Muro Kei, Yamazaki Kentaro, Kadowaki Shigenori, Mishima Saori, Kawakami Takeshi, Tanaka Tomoyuki, Tada Keisuke, Fagniez Nathalie, Ohshima Shinobu, Yoshino Takayuki
Department of Clinical Oncology, Aichi Cancer Center Hospital, Nagoya, Japan.
Division of Gastrointestinal Oncology, Shizuoka Cancer Center, Shizuoka, Japan.
Int J Clin Oncol. 2025 May 25. doi: 10.1007/s10147-025-02784-4.
Tusamitamab ravtansine (SAR408701) is an immunoconjugate that binds carcinoembryonic antigen-related cell adhesion molecule 5 (CEACAM5) and delivers its cytotoxic payload to target cells. Here, we report findings from three dosing regimens of tusamitamab ravtansine administration in Japanese adults with advanced malignant solid tumors.
Japanese adults (aged ≥ 20 years) with CEACAM5-expressing malignant solid tumors were enrolled in this Phase 1, open-label, non-randomized, dose-escalation evaluation of tusamitamab ravtansine in three parts: (i) main dose-escalation part with every two weeks (Q2W) administration, (ii) loading dose (LD) part with Q2W administration with a LD at Cycle 1 (C1) only, and (iii) dose-escalation every three weeks (Q3W) part. Primary objectives were to evaluate the tolerability and safety of tusamitamab ravtansine.

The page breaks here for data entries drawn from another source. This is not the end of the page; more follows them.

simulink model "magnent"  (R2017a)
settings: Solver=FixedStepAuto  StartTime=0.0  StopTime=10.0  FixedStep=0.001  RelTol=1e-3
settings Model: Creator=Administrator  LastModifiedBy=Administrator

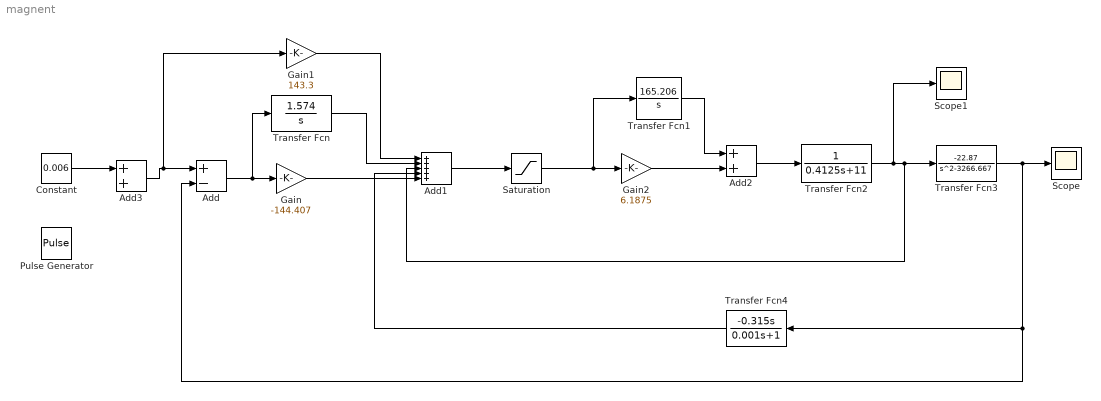
== system magnent ==
  Add : Sum  Inputs=+-
  Add1 : Sum  Inputs=+++++
  Add2 : Sum
  Add3 : Sum
  Constant : Constant  Value=0.006
  Gain : Gain  Gain=-144.407
  Gain1 : Gain  Gain=143.3
  Gain2 : Gain  Gain=6.1875
  Pulse Generator : DiscretePulseGenerator  PulseType=Time based  Amplitude=0.001  Period=10  PulseWidth=5
  Saturation : Saturate  UpperLimit=3  LowerLimit=-3
  Scope : Scope
  Scope1 : Scope
  Transfer Fcn : TransferFcn  Numerator=[1.574]  Denominator=[1 0]
  Transfer Fcn1 : TransferFcn  Numerator=[165.206]  Denominator=[1 0]
  Transfer Fcn2 : TransferFcn  Denominator=[0.4125 11]
  Transfer Fcn3 : TransferFcn  Numerator=[-22.87]  Denominator=[1 0 -3266.667]
  Transfer Fcn4 : TransferFcn  Numerator=[-0.315 0]  Denominator=[0.001 1]
  wires:
  Add/1 -> Transfer Fcn/1, Gain/1
  Gain/1 -> Add1/3
  Transfer Fcn/1 -> Add1/2
  Gain1/1 -> Add1/1
  Gain2/1 -> Add2/2
  Transfer Fcn1/1 -> Add2/1
  Add2/1 -> Transfer Fcn2/1
  Transfer Fcn3/1 -> Transfer Fcn4/1, Add/2, Scope/1
  Transfer Fcn4/1 -> Add1/4
  Transfer Fcn2/1 -> Scope1/1, Add1/5, Transfer Fcn3/1
  Constant/1 -> Add3/1
  Add3/1 -> Gain1/1, Add/1
  Add1/1 -> Saturation/1
  Saturation/1 -> Transfer Fcn1/1, Gain2/1
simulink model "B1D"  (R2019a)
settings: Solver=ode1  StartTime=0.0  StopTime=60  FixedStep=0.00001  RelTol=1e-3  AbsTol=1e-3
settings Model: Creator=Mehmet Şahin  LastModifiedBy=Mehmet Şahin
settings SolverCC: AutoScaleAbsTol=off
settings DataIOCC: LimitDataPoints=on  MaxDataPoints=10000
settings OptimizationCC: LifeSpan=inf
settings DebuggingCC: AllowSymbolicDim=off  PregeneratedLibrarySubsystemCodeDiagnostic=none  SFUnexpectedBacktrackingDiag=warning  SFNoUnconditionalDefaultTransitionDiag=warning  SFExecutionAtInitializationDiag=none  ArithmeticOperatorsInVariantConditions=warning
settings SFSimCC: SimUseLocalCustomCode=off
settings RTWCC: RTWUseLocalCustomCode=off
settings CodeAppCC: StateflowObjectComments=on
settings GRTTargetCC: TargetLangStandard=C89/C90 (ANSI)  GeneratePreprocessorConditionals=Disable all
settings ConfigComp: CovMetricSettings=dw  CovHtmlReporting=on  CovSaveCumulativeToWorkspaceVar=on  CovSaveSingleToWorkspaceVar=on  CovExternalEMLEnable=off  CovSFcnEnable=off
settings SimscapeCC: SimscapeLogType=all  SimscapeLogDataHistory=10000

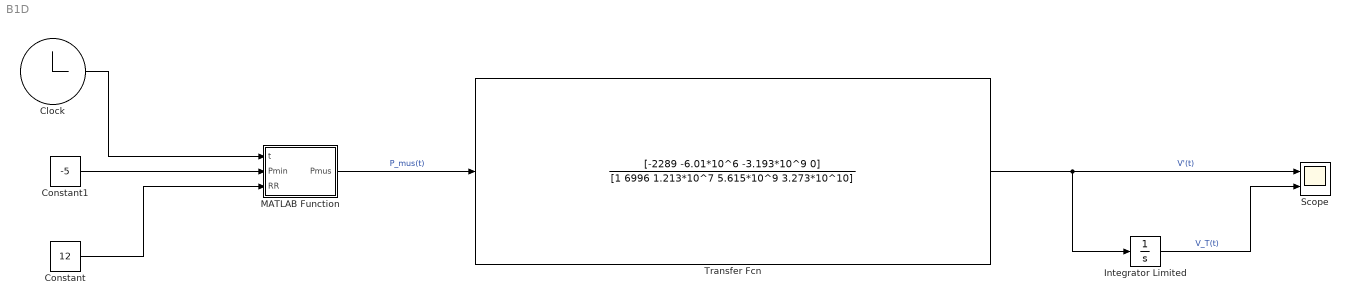
== system B1D ==
  Clock : Clock
      settings: Decimation=5
  Constant : Constant  Value=12
  Constant1 : Constant  Value=-5
  Integrator Limited : Integrator  LimitOutput=on  UpperSaturationLimit=1  LowerSaturationLimit=0
  MATLAB Function : MATLAB Function  TreatAsAtomicUnit=on
  Scope : Scope  NumInputPorts=2
  Transfer Fcn : TransferFcn  Numerator=[-2289 -6.01*10^6 -3.193*10^9 0]  Denominator=[1 6996 1.213*10^7 5.615*10^9 3.273*10^10]
  wires:
  MATLAB Function/1(Pmus) -> Transfer Fcn/1  "P_mus(t)"
  Clock/1 -> MATLAB Function/1(t)
  Constant/1 -> MATLAB Function/3(RR)
  Constant1/1 -> MATLAB Function/2(Pmin)
  Transfer Fcn/1 -> Integrator Limited/1, Scope/1  "V'(t)"
  Integrator Limited/1 -> Scope/2  "V_T(t)"

== matlab function B1D/MATLAB Function ==
  data: t input; Pmin input; RR input; Pmus output
function Pmus = fcn(t, Pmin, RR)
IEratio = 1/2;
T=(60/RR);
Te = T / (IEratio + 1);
Ti = IEratio * Te;
tau=Te/10;
if (rem(t,T)) < Ti
u=Pmin*(T*rem(t,T)-rem(t,T)^2)/(Ti*Te);
else
u=Pmin*(exp(-(rem(t,T)-Ti)/tau)-exp(-Te/tau))/(1-exp(-Te/tau));
end
Pmus = u;
end
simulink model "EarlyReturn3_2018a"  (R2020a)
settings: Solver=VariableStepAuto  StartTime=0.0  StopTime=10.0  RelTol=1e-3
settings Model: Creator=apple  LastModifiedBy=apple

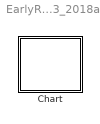
== system EarlyReturn3_2018a ==
  Chart : Stateflow chart  TreatAsAtomicUnit=on

== stateflow chart EarlyReturn3_2018a/Chart ==
  state A
    en: fprintf("en_A")
    ex: fprintf("ex_A")
  state B
    en: fprintf("en_B")
    ex: fprintf("ex_B")
  state C
    en: fprintf("en_C")
    ex: fprintf("ex_C")
  (default) -> A : {data=1;}
  A -> B [order 1] : [data==1]{data=2;E}
  A -> C [order 2] : E
  data: data local int32
  events: E local FUNCTION_CALL_EVENT

Nine patients were enrolled in the main dose-escalation part, 16 patients in the dose-escalation bis part with LD, and nine patients in the dose-escalation Q3W part. Administration of tusamitamab ravtansine resulted in a manageable safety profile with no dose-limiting toxicities reported during the observation period except for two events during dose-escalation bis Q2W part. Most common adverse events (AEs) were corneal events, gastrointestinal disorders, and metabolic events. After first administration, tusamitamab ravtansine exposure was dose proportional over the dose range 80-170 mg/m. Best overall response (BOR) was stable disease, observed in all three parts; confirmed response was not observed at any dose level.
Tusamitamab ravtansine demonstrated a tolerable safety profile at a dose of 80-170 mg/m in three different administration schedules in Japanese adults with metastatic solid tumors.
图萨米他单抗拉凡他辛(SAR408701)是一种免疫缀合物,可结合癌胚抗原相关细胞粘附分子5(CEACAM5),并将其细胞毒性载荷传递至靶细胞。在此,我们报告图萨米他单抗拉凡他辛在日本晚期恶性实体瘤成人患者中的三种给药方案的研究结果。
将表达CEACAM5的恶性实体瘤日本成人患者(年龄≥20岁)纳入这项1期开放标签、非随机、剂量递增评估,图萨米他单抗拉凡他辛的评估分为三个部分:(i)每两周(Q2W)给药的主要剂量递增部分,(ii)仅在第1周期(C1)给予Q2W给药并带有负荷剂量(LD)的负荷剂量(LD)部分,以及(iii)每三周(Q3W)给药的剂量递增部分。主要目标是评估图萨米他单抗拉凡他辛的耐受性和安全性。
主要剂量递增部分纳入9例患者,负荷剂量部分纳入16例采用Q2W给药且仅在C1给予LD的患者,剂量递增Q3W部分纳入9例患者。图萨米他单抗拉凡他辛的给药导致安全性可控,观察期内除了在剂量递增Q2W部分出现的两起事件外,未报告剂量限制性毒性。最常见的不良事件(AE)为角膜事件、胃肠道疾病和代谢事件。首次给药后,在80 - 170mg/m的剂量范围内,图萨米他单抗拉凡他辛的暴露量与剂量成比例。最佳总体缓解(BOR)为病情稳定,在所有三个部分均观察到;在任何剂量水平均未观察到确认的缓解。
在日本转移性实体瘤成人患者中,图萨米他单抗拉凡他辛在三种不同给药方案下,剂量为80 - 170mg/m时显示出可耐受的安全性。